AI inference provider performance inconsistencies

Soon after the OpenAI gpt-oss release, the community noticed stark inconsistencies in performance across inference providers - particularly with AWS Bedrock which sometimes produced inconsistent outputs that were not present with other providers. Artificial Intelligence quantified underperformance analysis reported results of gpt-oss-120b via AWS Bedrock on the GPQA Diamond @16 benchmark at -6.3 pp, on AIME 2025 @32 at -10% (together with Google Vertex AI) and on IFBench @16 at -4.9% versus the leading providers - with the #1 spot claimed by a different provider for each of the benchmarks. (Higher accuracies are now being reported).

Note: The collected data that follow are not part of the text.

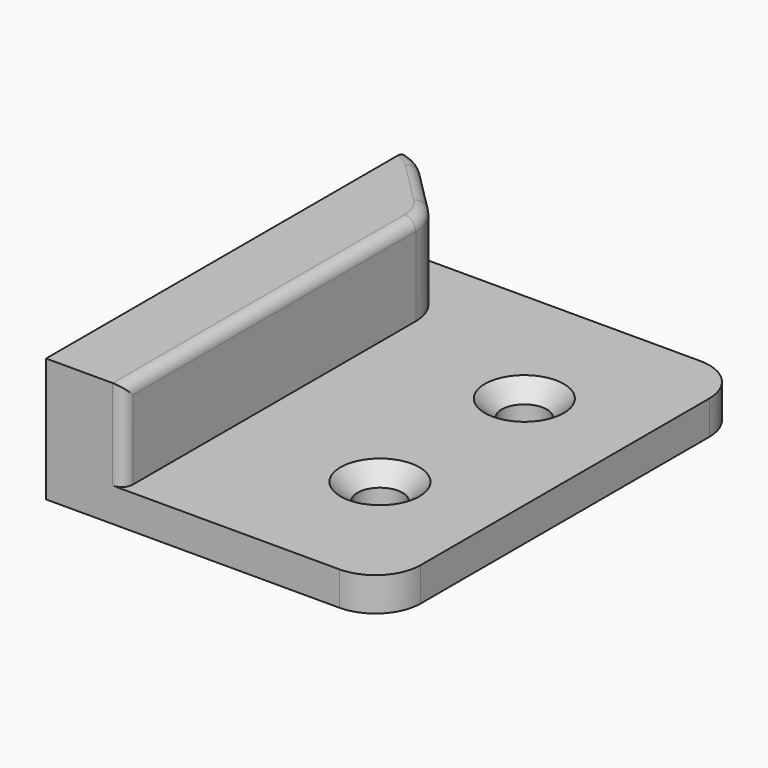
from build123d import *

# Parameters (mm, degrees)
F0_W        = 6.9
F0_H        = 40
F1_DEPTH    = 11
F0_W_2      = 23.1
F0_R        = 2
F2_DEPTH    = 3
F3_SIZE     = 6
F4_T1_DEPTH = 11.8208999069
F4_T3_DEPTH = 12.1421356237
F4_T5_DEPTH = 23
F5_SIZE     = 1.5
F6_R        = 1


# Not quite as in the source:
# - a fillet or chamfer that OpenCascade refuses, or shapes differently, is made with other operations: its cross-section is extruded or revolved along the edge and cut away or added


with BuildPart() as f1:
    # F0 (on Top) → F1 (new body)
    with BuildSketch(Plane.XY):
        with Locations((3.45, 20)):
            Rectangle(F0_W, F0_H)
    extrude(amount=F1_DEPTH)

    # F0 (on Top) → F2 (join)
    with BuildSketch(Plane.XY):
        with Locations((18.45, 20)):
            Rectangle(F0_W_2, F0_H)
        with Locations((20, 12)):
            Circle(F0_R, mode=Mode.SUBTRACT)
        with Locations((20, 28)):
            Circle(F0_R, mode=Mode.SUBTRACT)
    extrude(amount=F2_DEPTH)

    # F3
    f3_edges = [f1.edges().sort_by_distance(p)[0] for p in [
        (6.9, 40, 7),
    ]]
    chamfer(f3_edges, length=F3_SIZE)

    # F4: fillet of radius 4 on 4 edges, made by hand

    # F4_s2 → F4_t1 (cut)
    with BuildSketch(Plane.XY.offset(3)):
        with BuildLine():
            ThreePointArc((0, 40), (1.0681383035, 39.602199685), (1.9807136938, 38.9192863062))
            Line((1.9807136938, 38.9192863062), (0.9, 40))
            Line((0.9, 40), (0, 40))
        make_face()
    extrude(amount=F4_T1_DEPTH, mode=Mode.SUBTRACT)

    # F4_s4 → F4_t3 (cut)
    with BuildSketch(Plane.XY.offset(3)):
        with BuildLine():
            ThreePointArc((5.7284271247, 35.1715728753), (6.59551813, 33.87387948), (6.9, 32.3431457505))
            Line((6.9, 32.3431457505), (6.9, 34))
            Line((6.9, 34), (5.7284271247, 35.1715728753))
        make_face()
    extrude(amount=F4_T3_DEPTH, mode=Mode.SUBTRACT)

    # F4_s6 → F4_t5 (cut)
    with BuildSketch(Plane.XY.offset(-10)):
        with BuildLine():
            ThreePointArc((26, 40), (28.8284271247, 38.8284271247), (30, 36))
            Line((30, 36), (30, 40))
            Line((30, 40), (26, 40))
        make_face()
        with BuildLine():
            ThreePointArc((30, 4), (28.8284271247, 1.1715728753), (26, 0))
            Line((26, 0), (30, 0))
            Line((30, 0), (30, 4))
        make_face()
    extrude(amount=F4_T5_DEPTH, mode=Mode.SUBTRACT)

    # F5
    f5_edges = [f1.edges().sort_by_distance(p)[0] for p in [
        (18, 28, 3),
        (18, 12, 3),
    ]]
    chamfer(f5_edges, length=F5_SIZE)

    # F6
    f6_edges = [f1.edges().sort_by_distance(p)[0] for p in [
        (6.9, 0, 7),
        (6.9, 16.171573, 11),
        (6.595518, 33.873879, 11),
        (3.85457, 37.04543, 11),
        (1.068138, 39.6022, 11),
    ]]
    fillet(f6_edges, radius=F6_R)


solid = f1.part
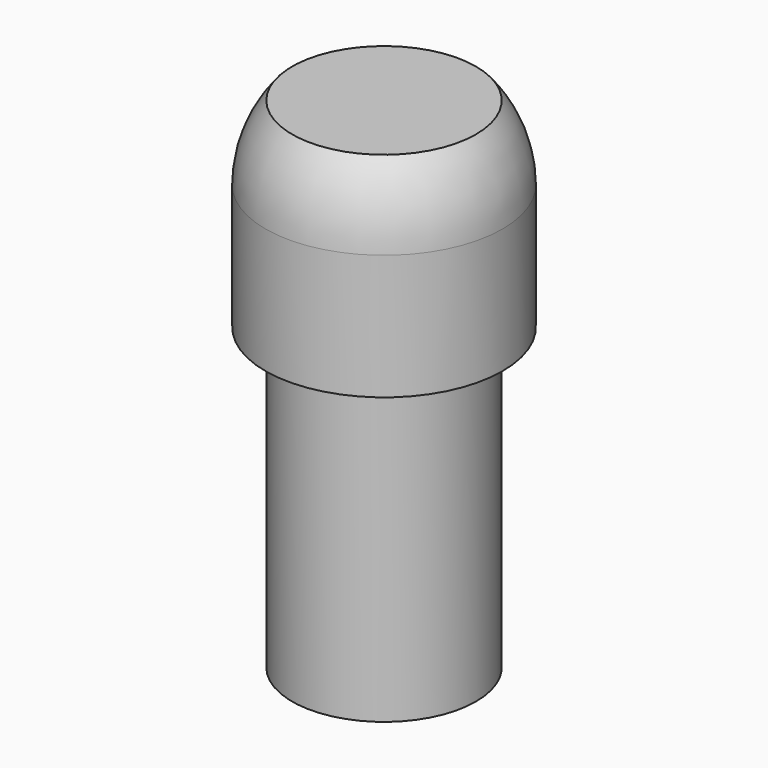
from build123d import *

# Parameters (mm, degrees)
F0_R     = 23.38500022
F1_DEPTH = 76.2
F2_R     = 30.1625
F2_R_2   = 23.38500022
F3_DEPTH = 50.8
F4_DEPTH = 50.8


# Not quite as in the source:
# - a fillet or chamfer that OpenCascade refuses, or shapes differently, is made with other operations: its cross-section is extruded or revolved along the edge and cut away or added


with BuildPart() as f1:
    # F0 (on Top) → F1 (new body)
    with BuildSketch(Plane.XY):
        Circle(F0_R)
    extrude(amount=F1_DEPTH)


with BuildPart() as f3:
    # F2 (on face) → F3 (new body)
    with BuildSketch(Plane.XY.offset(76.2)):
        Circle(F2_R)
        Circle(F2_R_2, mode=Mode.SUBTRACT)
    extrude(amount=F3_DEPTH)

    # F5: fillet of radius 29.972 on 1 edges, made by hand

    # F5_s1 → F5_t2 (revolve, cut)
    with BuildSketch(Plane.XZ):
        with BuildLine():
            ThreePointArc((30.1625, 108.0174832136), (28.4173165456, 118.0955590073), (23.38500022, 127))
            Line((23.38500022, 127), (30.1625, 127))
            Line((30.1625, 127), (30.1625, 108.0174832136))
        make_face()
    revolve(axis=Axis((0, 0, 127), (0, 0, 1)), mode=Mode.SUBTRACT)


with BuildPart() as f4:
    # F4 (new): a face of the model
    f4_faces = [f1.part.faces().sort_by_distance(p)[0] for p in [
        (0, 0, 76.2),
    ]]
    extrude(f4_faces, amount=F4_DEPTH)


solid = Compound([f1.part, f3.part, f4.part])

My report about gpt-oss-20b security evaluations finds a difference of sometimes 10 pp or more between an Nvidia RTX 5090 + Hugging Face Transformers and an Nvidia H100 + vLLM inference stack. Early pilot testing using OpenRouter showed inconsistencies as well.

Such differences are receiving more attention now, with numbers reported for DeepSeek V3.1 Terminus Non-reasoning (up to -19.08 pp “Similarity compared to the official Implementation”) and Moonshot Kimi K2 (with up to -38.45 pp similarity). Anthropic had previously reported intermittently degraded responses partially stemming from the share of requests served from Google TPU hardware, rather than from AWS Trainium or Nvidia GPUs.